# saorview recording to dvd recorder via set top box



## johnwilliams (24 Jun 2012)

at the moment we can watch saorview on tv (aerial to tv direct connection)
i tried to connect it saorview aerial to  dvd recorder  to saorview tv  
no picture
question
if i connect aerial, to saorview set top box, to dvd recorder, to tv ,would the set top box allow me to record to dvd recorder

some of the set top boxes allow you to record to usb stick/hard drive. if i connected a usb cable from record port on set top box to usb port on dvd recorder (used for playing files) could the dvd recorder record this way,


----------



## JoeRoberts (25 Jun 2012)

First question, no but you should be able to record via scart while selecting the AV input on the recorder. But it will only record what you are watching on the tv. Not that useful in reality.

For the 2nd question, no.

Ultimately you need to buy a Freeview HD recorder. Make sure it is a Freeview HD recorder, not a standard Freeview or Freeview +. They won't work.

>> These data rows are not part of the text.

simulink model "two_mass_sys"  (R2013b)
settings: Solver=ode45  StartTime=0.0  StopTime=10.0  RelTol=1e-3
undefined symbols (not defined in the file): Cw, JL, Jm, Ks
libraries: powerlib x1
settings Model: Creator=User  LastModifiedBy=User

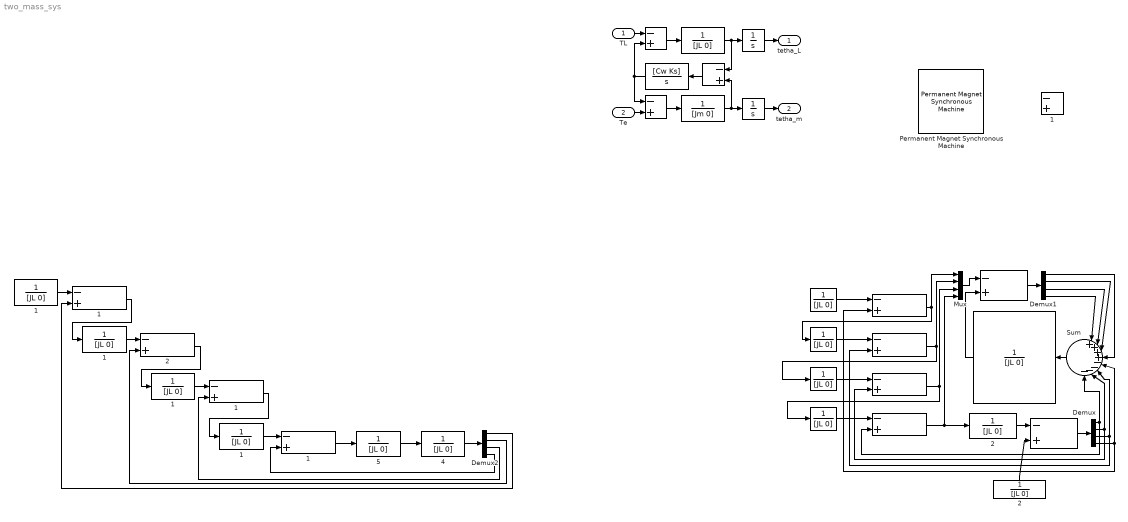
== system two_mass_sys ==
  TL : Inport
  Te : Inport  Port=2
  " " : TransferFcn  Numerator=[Cw Ks]  Denominator=[1 0]
    {,2,4..5} (4 alike) : TransferFcn  Denominator=[JL 0]
  "   " : TransferFcn  Denominator=[Jm 0]
  "    " : Integrator
  "     " : Integrator
  "       " : TransferFcn  Denominator=[JL 0]
  "        " : Sum  Inputs=-+
  "         " : Sum  Inputs=-+
  "           " : Sum  Inputs=-+
  "            " : Sum  Inputs=-+
  "              " : TransferFcn  Denominator=[JL 0]
  "                " : Sum  Inputs=-+
  "                      " : TransferFcn  Denominator=[JL 0]
  "                        " : Sum  Inputs=-+
  "                                " : Sum  Inputs=-+
  "                                  " : TransferFcn  Denominator=[JL 0]
  "                                                                       " : Sum  Inputs=-+
  "                                                                             " : TransferFcn  Denominator=[JL 0]
  "                                                                                 " : Sum  Inputs=-+
  "                                  1" : TransferFcn  Denominator=[JL 0]
  "                                1" : Sum  Inputs=-+
  "                        1" : Sum  Inputs=-+
  "                      1" : TransferFcn  Denominator=[JL 0]
  "              1" : TransferFcn  Denominator=[JL 0]
  "              2" : TransferFcn  Denominator=[JL 0]
  "            2" : Sum  Inputs=-+
  "           1" : Sum  Inputs=-+
  "         1" : Sum  Inputs=-+
  "       1" : TransferFcn  Denominator=[JL 0]
  Demux : Demux
  Demux1 : Demux
  Demux2 : Demux
  Mux : Mux
  Permanent Magnet Synchronous Machine : powerlib/Machines/Permanent Magnet Synchronous Machine  NbPhases=3  FluxDistribution=Sinusoidal  RotorType=Round  MechanicalLoad=Torque Tm  PresetModel=No  ShowDetailedParameters=on  Resistance=0.18  Inductance=8.5e-3  dqInductances=[8.5e-3,8.5e-3]  La=0.000835  MachineConstant=Flux linkage established by magnets (V.s)  Flux=0.07145  VoltageCst=51.8384  TorqueCst=0.4287  Flat=120  Mechanical=[0.00062 0.0003035 4 0]  PolePairs=4  InitialConditions=[0,0, 0,0]  InitialConditions5ph=[0 0 0 0 0 0]  TsPowergui=0  TsBlock=-1  RefAngle=90 degrees behind phase A axis (modified Park)
  Sum : Sum  Inputs=|++++----
  "tetha_L " : Outport
  "tetha_m  " : Outport  Port=2
  wires:
  "  "/1 -> "                "/1, "     "/1
  "     "/1 -> "tetha_L "/1
  "   "/1 -> "                "/2, "    "/1
  "    "/1 -> "tetha_m  "/1
  "         "/1 -> "  "/1
  "        "/1 -> "   "/1
  Te/1 -> "        "/2
  TL/1 -> "         "/1
  " "/1 -> "         "/2, "        "/1
  "                "/1 -> " "/1
  "              "/1 -> "           "/1
  "       "/1 -> "            "/1
  "                      "/1 -> "                        "/1
  "                                  "/1 -> "                                "/1
  "                                "/1 -> "  2"/1, Mux/4
  "                                                                                 "/1 -> Demux1/1
  Sum/1 -> "                                                                             "/1
  Demux1/4 -> Sum/1
  Demux1/3 -> Sum/2
  Demux1/2 -> Sum/3
  Demux1/1 -> Sum/4
  "  4"/1 -> Demux2/1
  "              1"/1 -> "           1"/1
  "           1"/1 -> "       1"/1
  "       1"/1 -> "            2"/1
  "                      1"/1 -> "                        1"/1
  "                                  1"/1 -> "                                1"/1
  "            2"/1 -> "                      1"/1
  "                        1"/1 -> "                                  1"/1
  "                                1"/1 -> "  5"/1
  "  5"/1 -> "  4"/1
  Demux2/4 -> "                                1"/2
  Demux2/3 -> "                        1"/2
  Demux2/2 -> "            2"/2
  Demux2/1 -> "           1"/2
  "                                                                       "/1 -> Demux/1
  "  2"/1 -> "                                                                       "/1
  Mux/1 -> "                                                                                 "/1
  "           "/1 -> "       "/1, Mux/1
  "            "/1 -> "                      "/1, Mux/2
  "                        "/1 -> "                                  "/1, Mux/3
  "                                                                             "/1 -> "                                                                                 "/2
  Demux/1 -> "                                "/2, Sum/8
  Demux/2 -> "                        "/2, Sum/7
  Demux/3 -> "            "/2, Sum/6
  Demux/4 -> "           "/2, Sum/5
  "              2"/1 -> "                                                                       "/2
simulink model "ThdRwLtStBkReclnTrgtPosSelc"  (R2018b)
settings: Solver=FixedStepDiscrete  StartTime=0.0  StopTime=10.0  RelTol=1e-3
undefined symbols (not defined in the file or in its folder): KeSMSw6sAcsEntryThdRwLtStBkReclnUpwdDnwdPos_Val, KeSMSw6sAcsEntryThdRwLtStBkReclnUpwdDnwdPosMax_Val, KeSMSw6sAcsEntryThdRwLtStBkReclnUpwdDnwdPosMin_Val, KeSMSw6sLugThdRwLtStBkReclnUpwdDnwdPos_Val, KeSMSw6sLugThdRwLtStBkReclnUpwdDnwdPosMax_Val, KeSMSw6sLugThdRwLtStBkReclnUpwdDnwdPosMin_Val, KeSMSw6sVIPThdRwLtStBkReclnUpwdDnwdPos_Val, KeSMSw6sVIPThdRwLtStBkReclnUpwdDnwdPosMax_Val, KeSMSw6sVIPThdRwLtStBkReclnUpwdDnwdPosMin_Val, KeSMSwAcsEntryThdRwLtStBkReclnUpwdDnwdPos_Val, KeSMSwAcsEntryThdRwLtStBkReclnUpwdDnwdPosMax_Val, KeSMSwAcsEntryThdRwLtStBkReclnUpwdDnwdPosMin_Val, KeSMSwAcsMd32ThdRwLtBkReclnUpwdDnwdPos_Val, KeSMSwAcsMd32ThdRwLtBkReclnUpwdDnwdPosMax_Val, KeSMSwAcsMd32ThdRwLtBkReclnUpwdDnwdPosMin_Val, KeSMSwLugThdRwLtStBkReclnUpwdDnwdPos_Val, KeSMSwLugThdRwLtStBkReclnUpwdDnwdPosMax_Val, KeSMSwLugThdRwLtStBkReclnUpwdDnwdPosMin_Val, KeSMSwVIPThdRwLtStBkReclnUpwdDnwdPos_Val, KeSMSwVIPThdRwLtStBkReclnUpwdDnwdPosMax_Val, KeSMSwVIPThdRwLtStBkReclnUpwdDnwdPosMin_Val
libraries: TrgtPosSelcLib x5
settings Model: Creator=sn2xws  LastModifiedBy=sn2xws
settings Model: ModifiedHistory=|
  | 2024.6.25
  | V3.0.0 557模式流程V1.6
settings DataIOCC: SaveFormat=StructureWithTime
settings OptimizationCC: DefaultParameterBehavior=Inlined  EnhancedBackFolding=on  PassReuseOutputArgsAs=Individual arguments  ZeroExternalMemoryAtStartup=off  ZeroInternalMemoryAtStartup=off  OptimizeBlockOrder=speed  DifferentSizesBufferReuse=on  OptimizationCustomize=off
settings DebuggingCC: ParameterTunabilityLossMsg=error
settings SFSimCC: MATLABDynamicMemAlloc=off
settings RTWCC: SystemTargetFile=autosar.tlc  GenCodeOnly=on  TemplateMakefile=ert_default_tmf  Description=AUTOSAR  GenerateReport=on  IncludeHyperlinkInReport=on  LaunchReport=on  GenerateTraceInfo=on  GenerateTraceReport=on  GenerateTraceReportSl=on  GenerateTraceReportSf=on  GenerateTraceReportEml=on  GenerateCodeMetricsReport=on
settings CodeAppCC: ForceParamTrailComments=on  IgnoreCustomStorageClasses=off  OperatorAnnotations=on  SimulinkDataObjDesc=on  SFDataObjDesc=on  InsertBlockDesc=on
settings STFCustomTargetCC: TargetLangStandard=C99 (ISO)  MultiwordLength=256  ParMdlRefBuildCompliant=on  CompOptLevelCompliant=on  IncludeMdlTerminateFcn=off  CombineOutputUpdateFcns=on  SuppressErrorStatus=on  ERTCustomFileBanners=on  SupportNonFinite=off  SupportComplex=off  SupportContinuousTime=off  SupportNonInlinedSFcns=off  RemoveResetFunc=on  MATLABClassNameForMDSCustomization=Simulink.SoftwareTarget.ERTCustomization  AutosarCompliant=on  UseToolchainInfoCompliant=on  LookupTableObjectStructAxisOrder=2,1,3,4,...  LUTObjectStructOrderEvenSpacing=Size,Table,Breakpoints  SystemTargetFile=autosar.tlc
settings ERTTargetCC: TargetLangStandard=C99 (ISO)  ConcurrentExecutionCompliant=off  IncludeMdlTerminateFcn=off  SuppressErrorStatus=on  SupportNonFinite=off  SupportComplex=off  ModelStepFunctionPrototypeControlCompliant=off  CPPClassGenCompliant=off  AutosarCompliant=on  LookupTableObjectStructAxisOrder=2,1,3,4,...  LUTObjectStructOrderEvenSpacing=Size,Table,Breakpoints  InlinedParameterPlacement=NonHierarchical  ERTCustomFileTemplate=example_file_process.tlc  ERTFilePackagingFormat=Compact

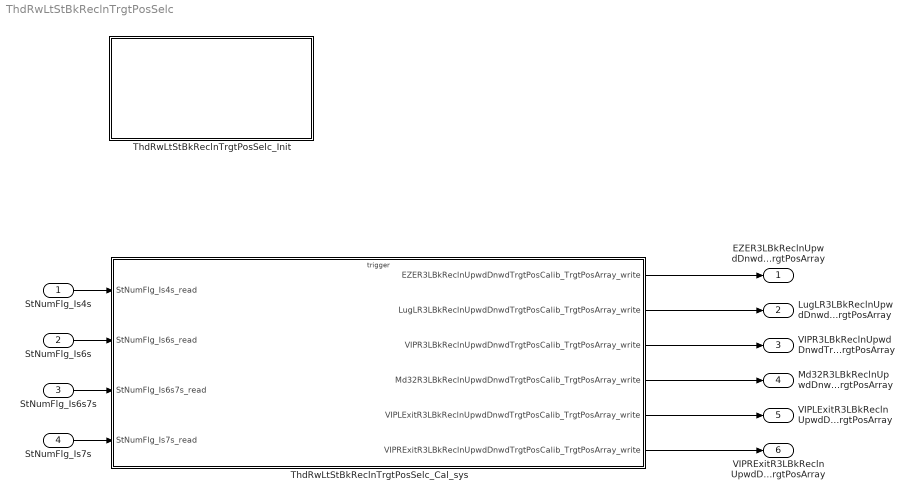
== system ThdRwLtStBkReclnTrgtPosSelc ==
  StNumFlg_Is4s : Inport  OutDataTypeStr=boolean  PortDimensions=1
  StNumFlg_Is6s : Inport  Port=2  OutDataTypeStr=boolean  PortDimensions=1
  StNumFlg_Is6s7s : Inport  Port=3  OutDataTypeStr=boolean  PortDimensions=1
  StNumFlg_Is7s : Inport  Port=4  OutDataTypeStr=boolean  PortDimensions=1
  ThdRwLtStBkReclnTrgtPosSelc_Cal_sys : Subsystem
  ThdRwLtStBkReclnTrgtPosSelc_Init : Subsystem
  EZER3LBkReclnUpwdDnwdTrgtPosCalib_TrgtPosArray : Outport  Description=|  OutDataTypeStr=uint16  PortDimensions=3
      | 0:Pos
      | 1:Max
      | 2:Min
  LugLR3LBkReclnUpwdDnwdTrgtPosCalib_TrgtPosArray : Outport  Description=|  Port=2  OutDataTypeStr=uint16  PortDimensions=3
      | 0:Pos
      | 1:Max
      | 2:Min
  VIPR3LBkReclnUpwdDnwdTrgtPosCalib_TrgtPosArray : Outport  Description=|  Port=3  OutDataTypeStr=uint16  PortDimensions=3
      | 0:Pos
      | 1:Max
      | 2:Min
  Md32R3LBkReclnUpwdDnwdTrgtPosCalib_TrgtPosArray : Outport  Description=|  Port=4  OutDataTypeStr=uint16  PortDimensions=3
      | 0:Pos
      | 1:Max
      | 2:Min
  VIPLExitR3LBkReclnUpwdDnwdTrgtPosCalib_TrgtPosArray : Outport  Description=|  Port=5  OutDataTypeStr=uint16  PortDimensions=3
      | 0:Pos
      | 1:Max
      | 2:Min
  VIPRExitR3LBkReclnUpwdDnwdTrgtPosCalib_TrgtPosArray : Outport  Description=|  Port=6  OutDataTypeStr=uint16  PortDimensions=3
      | 0:Pos
      | 1:Max
      | 2:Min
  wires:
  StNumFlg_Is4s/1 -> ThdRwLtStBkReclnTrgtPosSelc_Cal_sys/1(StNumFlg_Is4s_read)
  StNumFlg_Is6s/1 -> ThdRwLtStBkReclnTrgtPosSelc_Cal_sys/2(StNumFlg_Is6s_read)
  StNumFlg_Is6s7s/1 -> ThdRwLtStBkReclnTrgtPosSelc_Cal_sys/3(StNumFlg_Is6s7s_read)
  StNumFlg_Is7s/1 -> ThdRwLtStBkReclnTrgtPosSelc_Cal_sys/4(StNumFlg_Is7s_read)
  ThdRwLtStBkReclnTrgtPosSelc_Cal_sys/1(EZER3LBkReclnUpwdDnwdTrgtPosCalib_TrgtPosArray_write) -> EZER3LBkReclnUpwdDnwdTrgtPosCalib_TrgtPosArray/1
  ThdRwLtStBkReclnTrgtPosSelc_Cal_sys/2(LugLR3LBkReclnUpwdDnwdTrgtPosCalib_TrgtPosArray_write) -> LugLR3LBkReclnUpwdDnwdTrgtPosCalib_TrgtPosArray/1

The USB recordable saorview set top boxes are hit and miss and not worth the hassle.


----------



## AlbacoreA (25 Jun 2012)

JoeRoberts said:


> ...
> The USB recordable saorview set top boxes are hit and miss and not worth the hassle.



Why do you say that. We have on and it works ok.


----------



## Leo (25 Jun 2012)

JoeRoberts said:


> First question, no but you should be able to record via scart while selecting the AV input on the recorder. But it will only record what you are watching on the tv.


 
Mixed message in there... The DVD recorder will record the feed from the set top box. So the answer to the question is yes.


----------